‘Pokemon Battle Trozei’: How Many Times Do I Need to Catch Them All?

The Pokemon series has always been known for collection, so much so that the series’s catch phrase is “Gotta Catch ‘Em All.” As the games have evolved, the word “All” has become more and more inclusive and vague, going from 151 individual pokemon to over 700. What once seemed like a difficult, but feasible goal in the turn based strategy game is slowly becoming an impossibility. Despite this, the main draws of the series remain the same, the simple turn based design, the cute creatures, and the vast variety of pokemon that the player can catch and add to their team.

Pokemon Battle Trozei, despite being a puzzle spin-off game, stays true to most of the tenets of the Pokemon series.

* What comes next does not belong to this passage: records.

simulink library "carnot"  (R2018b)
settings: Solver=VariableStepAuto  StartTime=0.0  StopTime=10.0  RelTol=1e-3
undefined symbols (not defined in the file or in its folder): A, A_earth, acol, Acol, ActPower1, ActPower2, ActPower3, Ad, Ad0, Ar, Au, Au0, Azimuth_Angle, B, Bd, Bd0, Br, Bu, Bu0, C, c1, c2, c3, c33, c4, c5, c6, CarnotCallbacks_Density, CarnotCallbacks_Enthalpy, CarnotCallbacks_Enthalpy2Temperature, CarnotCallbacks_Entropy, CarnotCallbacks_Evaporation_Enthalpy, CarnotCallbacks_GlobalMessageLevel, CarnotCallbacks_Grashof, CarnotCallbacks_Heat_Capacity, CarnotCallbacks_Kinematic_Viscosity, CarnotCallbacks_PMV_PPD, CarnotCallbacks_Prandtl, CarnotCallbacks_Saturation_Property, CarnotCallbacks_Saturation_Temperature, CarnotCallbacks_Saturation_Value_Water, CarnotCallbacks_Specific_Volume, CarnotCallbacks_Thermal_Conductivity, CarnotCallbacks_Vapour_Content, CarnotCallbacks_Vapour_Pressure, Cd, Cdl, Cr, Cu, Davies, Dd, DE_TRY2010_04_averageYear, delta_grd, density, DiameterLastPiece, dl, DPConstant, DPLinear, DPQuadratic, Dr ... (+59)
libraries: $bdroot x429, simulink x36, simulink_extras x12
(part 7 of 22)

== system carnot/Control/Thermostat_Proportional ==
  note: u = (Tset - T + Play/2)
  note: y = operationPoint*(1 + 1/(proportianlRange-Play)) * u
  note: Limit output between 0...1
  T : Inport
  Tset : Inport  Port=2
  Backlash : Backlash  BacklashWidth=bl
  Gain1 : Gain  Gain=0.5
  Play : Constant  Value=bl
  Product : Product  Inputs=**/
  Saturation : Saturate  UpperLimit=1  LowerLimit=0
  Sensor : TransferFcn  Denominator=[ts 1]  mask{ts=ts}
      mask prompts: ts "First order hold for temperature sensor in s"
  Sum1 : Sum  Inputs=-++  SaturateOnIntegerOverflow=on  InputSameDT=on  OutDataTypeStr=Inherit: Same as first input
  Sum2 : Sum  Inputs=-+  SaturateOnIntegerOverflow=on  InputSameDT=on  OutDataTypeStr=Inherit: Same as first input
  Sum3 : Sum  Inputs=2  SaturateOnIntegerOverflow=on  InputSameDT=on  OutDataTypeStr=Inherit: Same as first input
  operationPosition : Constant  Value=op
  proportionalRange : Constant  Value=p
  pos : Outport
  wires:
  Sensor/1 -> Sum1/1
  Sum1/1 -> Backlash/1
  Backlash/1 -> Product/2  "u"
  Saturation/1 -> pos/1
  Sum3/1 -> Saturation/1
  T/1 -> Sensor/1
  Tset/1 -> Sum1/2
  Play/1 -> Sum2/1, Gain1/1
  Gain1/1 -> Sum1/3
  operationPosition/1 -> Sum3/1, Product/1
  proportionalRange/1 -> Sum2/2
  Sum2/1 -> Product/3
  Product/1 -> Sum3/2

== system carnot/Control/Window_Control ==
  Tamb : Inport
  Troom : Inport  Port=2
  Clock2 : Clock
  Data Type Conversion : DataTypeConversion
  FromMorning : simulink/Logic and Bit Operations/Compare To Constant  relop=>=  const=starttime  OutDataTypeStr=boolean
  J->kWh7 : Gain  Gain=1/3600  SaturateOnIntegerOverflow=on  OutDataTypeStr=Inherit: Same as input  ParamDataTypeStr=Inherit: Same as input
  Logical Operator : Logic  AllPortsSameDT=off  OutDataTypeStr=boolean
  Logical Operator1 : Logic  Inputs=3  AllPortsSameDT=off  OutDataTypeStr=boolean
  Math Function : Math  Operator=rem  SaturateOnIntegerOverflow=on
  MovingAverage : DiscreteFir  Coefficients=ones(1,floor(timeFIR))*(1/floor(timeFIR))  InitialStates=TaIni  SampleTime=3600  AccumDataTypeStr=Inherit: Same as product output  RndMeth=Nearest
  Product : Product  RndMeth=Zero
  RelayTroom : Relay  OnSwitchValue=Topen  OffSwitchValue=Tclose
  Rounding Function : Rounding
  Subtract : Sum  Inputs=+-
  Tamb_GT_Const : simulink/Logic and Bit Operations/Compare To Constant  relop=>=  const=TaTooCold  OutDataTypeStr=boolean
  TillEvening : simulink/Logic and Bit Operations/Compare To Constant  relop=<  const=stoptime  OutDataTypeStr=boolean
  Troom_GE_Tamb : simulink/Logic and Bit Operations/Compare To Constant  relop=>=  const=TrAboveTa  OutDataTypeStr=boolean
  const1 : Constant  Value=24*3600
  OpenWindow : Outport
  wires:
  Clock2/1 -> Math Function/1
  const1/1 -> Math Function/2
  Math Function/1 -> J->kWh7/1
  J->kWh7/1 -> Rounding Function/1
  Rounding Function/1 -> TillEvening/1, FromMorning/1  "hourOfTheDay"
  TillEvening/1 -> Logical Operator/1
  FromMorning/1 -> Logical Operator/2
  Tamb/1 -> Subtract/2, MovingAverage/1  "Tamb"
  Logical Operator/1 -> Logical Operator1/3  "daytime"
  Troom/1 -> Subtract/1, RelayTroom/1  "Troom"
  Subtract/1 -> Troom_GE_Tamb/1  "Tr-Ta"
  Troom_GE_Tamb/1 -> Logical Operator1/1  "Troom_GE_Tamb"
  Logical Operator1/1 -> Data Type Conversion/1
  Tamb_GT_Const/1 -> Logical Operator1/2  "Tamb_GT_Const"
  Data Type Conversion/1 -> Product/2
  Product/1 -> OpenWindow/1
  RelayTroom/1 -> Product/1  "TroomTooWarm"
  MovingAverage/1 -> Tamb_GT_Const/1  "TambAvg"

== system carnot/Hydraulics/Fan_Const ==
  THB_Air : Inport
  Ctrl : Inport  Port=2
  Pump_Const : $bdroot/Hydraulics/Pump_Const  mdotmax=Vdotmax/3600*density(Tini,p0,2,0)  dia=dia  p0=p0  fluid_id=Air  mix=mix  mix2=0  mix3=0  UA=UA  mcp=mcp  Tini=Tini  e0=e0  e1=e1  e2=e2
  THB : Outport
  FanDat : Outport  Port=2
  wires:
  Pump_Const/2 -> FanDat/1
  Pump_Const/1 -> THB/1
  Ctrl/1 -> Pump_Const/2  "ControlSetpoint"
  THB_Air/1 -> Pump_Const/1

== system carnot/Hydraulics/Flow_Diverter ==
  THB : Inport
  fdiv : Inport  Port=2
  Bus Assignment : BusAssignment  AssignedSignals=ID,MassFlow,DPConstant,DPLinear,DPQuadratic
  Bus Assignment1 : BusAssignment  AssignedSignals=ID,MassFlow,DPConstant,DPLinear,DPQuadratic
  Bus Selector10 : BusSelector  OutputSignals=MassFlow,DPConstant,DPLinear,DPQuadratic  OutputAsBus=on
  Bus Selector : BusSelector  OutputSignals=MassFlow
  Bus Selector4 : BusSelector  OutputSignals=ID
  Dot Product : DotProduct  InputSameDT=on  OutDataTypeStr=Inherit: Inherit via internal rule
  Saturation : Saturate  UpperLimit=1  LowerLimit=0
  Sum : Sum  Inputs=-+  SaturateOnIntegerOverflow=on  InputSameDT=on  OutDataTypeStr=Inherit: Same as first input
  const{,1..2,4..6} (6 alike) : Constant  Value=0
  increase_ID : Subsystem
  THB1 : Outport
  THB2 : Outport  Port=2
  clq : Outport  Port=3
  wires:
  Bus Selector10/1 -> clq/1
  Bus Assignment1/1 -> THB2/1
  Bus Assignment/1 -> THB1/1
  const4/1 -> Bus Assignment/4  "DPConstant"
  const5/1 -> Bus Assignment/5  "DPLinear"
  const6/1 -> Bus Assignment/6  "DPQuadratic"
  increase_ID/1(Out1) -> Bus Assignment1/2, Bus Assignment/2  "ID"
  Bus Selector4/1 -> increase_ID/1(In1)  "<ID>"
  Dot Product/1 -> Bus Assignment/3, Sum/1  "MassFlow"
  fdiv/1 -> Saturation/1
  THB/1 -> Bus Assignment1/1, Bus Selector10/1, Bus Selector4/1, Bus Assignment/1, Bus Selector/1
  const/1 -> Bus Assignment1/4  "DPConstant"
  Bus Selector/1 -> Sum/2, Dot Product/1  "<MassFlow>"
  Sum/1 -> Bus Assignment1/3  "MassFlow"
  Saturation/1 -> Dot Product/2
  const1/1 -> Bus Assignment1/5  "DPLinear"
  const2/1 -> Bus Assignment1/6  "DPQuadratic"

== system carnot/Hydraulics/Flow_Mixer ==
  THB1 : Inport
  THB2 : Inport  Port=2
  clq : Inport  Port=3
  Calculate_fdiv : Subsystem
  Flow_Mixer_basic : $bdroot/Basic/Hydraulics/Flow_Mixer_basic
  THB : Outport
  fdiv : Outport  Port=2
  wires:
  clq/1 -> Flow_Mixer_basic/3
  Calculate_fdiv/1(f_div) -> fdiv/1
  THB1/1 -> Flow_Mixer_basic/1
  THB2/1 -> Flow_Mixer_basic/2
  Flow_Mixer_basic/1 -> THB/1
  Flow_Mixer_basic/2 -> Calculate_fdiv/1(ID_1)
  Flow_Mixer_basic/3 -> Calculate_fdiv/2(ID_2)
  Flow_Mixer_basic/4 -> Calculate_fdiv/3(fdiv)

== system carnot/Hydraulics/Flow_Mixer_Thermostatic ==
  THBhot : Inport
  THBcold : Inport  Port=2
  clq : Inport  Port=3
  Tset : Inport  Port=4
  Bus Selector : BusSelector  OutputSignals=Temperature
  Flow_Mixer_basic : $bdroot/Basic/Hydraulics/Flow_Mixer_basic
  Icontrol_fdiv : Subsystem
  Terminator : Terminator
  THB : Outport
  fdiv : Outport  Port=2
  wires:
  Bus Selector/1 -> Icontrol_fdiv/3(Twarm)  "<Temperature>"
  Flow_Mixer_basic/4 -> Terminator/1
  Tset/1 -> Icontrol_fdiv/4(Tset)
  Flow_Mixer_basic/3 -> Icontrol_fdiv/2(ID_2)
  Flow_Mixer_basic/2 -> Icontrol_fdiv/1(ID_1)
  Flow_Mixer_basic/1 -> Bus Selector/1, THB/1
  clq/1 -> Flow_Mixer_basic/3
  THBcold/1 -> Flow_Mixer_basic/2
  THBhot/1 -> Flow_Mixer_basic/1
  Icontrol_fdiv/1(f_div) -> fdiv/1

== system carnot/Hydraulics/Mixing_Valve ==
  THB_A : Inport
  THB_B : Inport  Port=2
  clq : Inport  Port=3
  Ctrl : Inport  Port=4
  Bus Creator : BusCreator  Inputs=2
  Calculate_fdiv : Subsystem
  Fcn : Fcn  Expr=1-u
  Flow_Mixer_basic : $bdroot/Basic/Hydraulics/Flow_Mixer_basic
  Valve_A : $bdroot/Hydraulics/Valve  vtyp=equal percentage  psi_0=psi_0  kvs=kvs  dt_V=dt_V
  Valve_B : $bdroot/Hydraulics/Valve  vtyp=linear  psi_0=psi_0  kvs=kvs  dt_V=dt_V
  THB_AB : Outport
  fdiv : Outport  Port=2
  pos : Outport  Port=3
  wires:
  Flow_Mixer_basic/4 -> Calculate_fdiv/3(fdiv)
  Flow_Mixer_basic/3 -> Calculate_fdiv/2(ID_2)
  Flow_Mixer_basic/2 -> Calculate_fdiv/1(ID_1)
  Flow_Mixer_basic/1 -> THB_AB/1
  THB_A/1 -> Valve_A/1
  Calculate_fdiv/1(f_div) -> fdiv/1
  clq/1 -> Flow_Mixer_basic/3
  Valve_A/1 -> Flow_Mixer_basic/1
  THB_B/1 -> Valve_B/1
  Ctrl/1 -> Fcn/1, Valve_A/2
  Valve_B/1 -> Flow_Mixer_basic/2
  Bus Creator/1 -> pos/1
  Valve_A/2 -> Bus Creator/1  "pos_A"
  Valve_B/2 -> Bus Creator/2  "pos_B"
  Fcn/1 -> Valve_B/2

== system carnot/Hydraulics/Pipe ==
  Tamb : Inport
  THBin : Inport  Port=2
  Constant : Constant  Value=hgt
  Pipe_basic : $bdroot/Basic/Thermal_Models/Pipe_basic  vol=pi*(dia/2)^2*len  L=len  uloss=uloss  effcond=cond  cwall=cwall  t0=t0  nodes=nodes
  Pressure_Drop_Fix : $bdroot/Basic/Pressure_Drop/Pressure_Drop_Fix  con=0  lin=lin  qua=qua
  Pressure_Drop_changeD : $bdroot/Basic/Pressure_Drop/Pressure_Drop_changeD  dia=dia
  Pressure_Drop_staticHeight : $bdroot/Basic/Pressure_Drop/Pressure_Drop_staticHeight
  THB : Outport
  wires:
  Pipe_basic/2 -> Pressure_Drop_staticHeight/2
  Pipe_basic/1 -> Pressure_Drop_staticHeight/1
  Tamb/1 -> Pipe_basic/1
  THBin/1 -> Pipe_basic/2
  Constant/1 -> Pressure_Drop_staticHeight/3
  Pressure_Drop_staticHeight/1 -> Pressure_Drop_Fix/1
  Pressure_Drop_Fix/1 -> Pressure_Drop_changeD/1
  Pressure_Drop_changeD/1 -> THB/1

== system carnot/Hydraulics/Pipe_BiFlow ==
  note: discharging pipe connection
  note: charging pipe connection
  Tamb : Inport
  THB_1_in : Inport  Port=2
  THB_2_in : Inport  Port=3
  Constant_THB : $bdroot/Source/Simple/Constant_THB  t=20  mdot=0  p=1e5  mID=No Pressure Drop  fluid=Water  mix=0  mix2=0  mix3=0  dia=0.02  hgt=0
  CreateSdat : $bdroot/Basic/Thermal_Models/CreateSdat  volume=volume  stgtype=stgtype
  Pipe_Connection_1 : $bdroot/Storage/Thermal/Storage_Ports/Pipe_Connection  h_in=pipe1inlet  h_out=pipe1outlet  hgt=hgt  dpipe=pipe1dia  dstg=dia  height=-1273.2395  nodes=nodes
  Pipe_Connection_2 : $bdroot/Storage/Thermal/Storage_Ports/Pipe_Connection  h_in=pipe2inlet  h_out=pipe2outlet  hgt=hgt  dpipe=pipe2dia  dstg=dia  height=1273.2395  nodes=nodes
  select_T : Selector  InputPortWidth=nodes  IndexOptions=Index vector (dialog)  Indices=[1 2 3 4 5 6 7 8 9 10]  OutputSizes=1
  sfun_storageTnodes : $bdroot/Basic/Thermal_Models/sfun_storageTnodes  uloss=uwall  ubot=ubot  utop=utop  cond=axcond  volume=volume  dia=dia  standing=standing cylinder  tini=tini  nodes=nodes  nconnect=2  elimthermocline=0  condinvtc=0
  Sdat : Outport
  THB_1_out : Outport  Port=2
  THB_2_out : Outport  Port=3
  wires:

The gameplay is very simple, similar to a slightly shorter and more focused Bejeweled, the cute monsters are in the forefront, and the player’s main drive is to “catch ’em all,” as the game manages to combine collecting pokemon with puzzle elements. The player even battles monsters to catch them, just like in the main game. Yet, despite mirroring the main game well, Pokemon Battle Trozei misses why people want to collect, and thus collection becomes an almost meaningless endeavor in the game.

The gameplay in the main Pokemon games contributes to the desire of the player to collect. The player begins with only one pokemon and the main drive of the game is catching more with the purpose of creating a team to battle other trainers and become a “Pokemon Master.” Each pokemon has a different moveset and different strengths and weaknesses and can be useful as long as the player is creative. Thus, collecting isn’t just about fulfilling some internal desire to collect, but rather it is a practical approach to beating the game and to fully enjoying the gameplay.

Other games that have a successful collection system follow the idea that what the player collects should have some sort of pragmatic value. League of Legends, allows the player to collect champions, each of which has his or her own unique strengths and weaknesses and completely different movesets. Gaining a new champion means more unique gameplay opportunity and adds to the replay value of the game, just like in Pokemon. In short, collecting doesn’t exist just for the sake of collecting, but to enhance an already deep game.

Pokemon Battle Trozei completely misses this fundamental part of collecting. While there is some incorporation of pushing collection and gameplay together, it is almost meaningless in the scope of the game. As the player ropes around the wild catching pokemon, they can add a single pokemon that they’ve caught to their team (think of it as collecting and adding different minerals to your Bejeweled game) that will help them catch and do more damage as they rack up combos. This has almost no effect on the gameplay though, and “catching ’em all” has even less. Only a few pokemon are truly viable because one group (legendary pokemon) do nearly three times as much damage as all the others, and you can catch them right away. So the combination of gameplay and collection, despite intentions otherwise, just becomes collection for collection’s sake.

I don’t have a solution for how to combine the puzzle nature of Pokemon Battle Trozei with the strong themes of collection present in the Pokemon main series, but this is certainly not it. Despite featuring robust puzzle gameplay, nearly every other element of Pokemon Battle Trozei, especially the collection aspect(which is what sets it apart from its predecessor), seems tacked on instead of fully thought out. This may be the nature of spin-off games, but it feels painful here.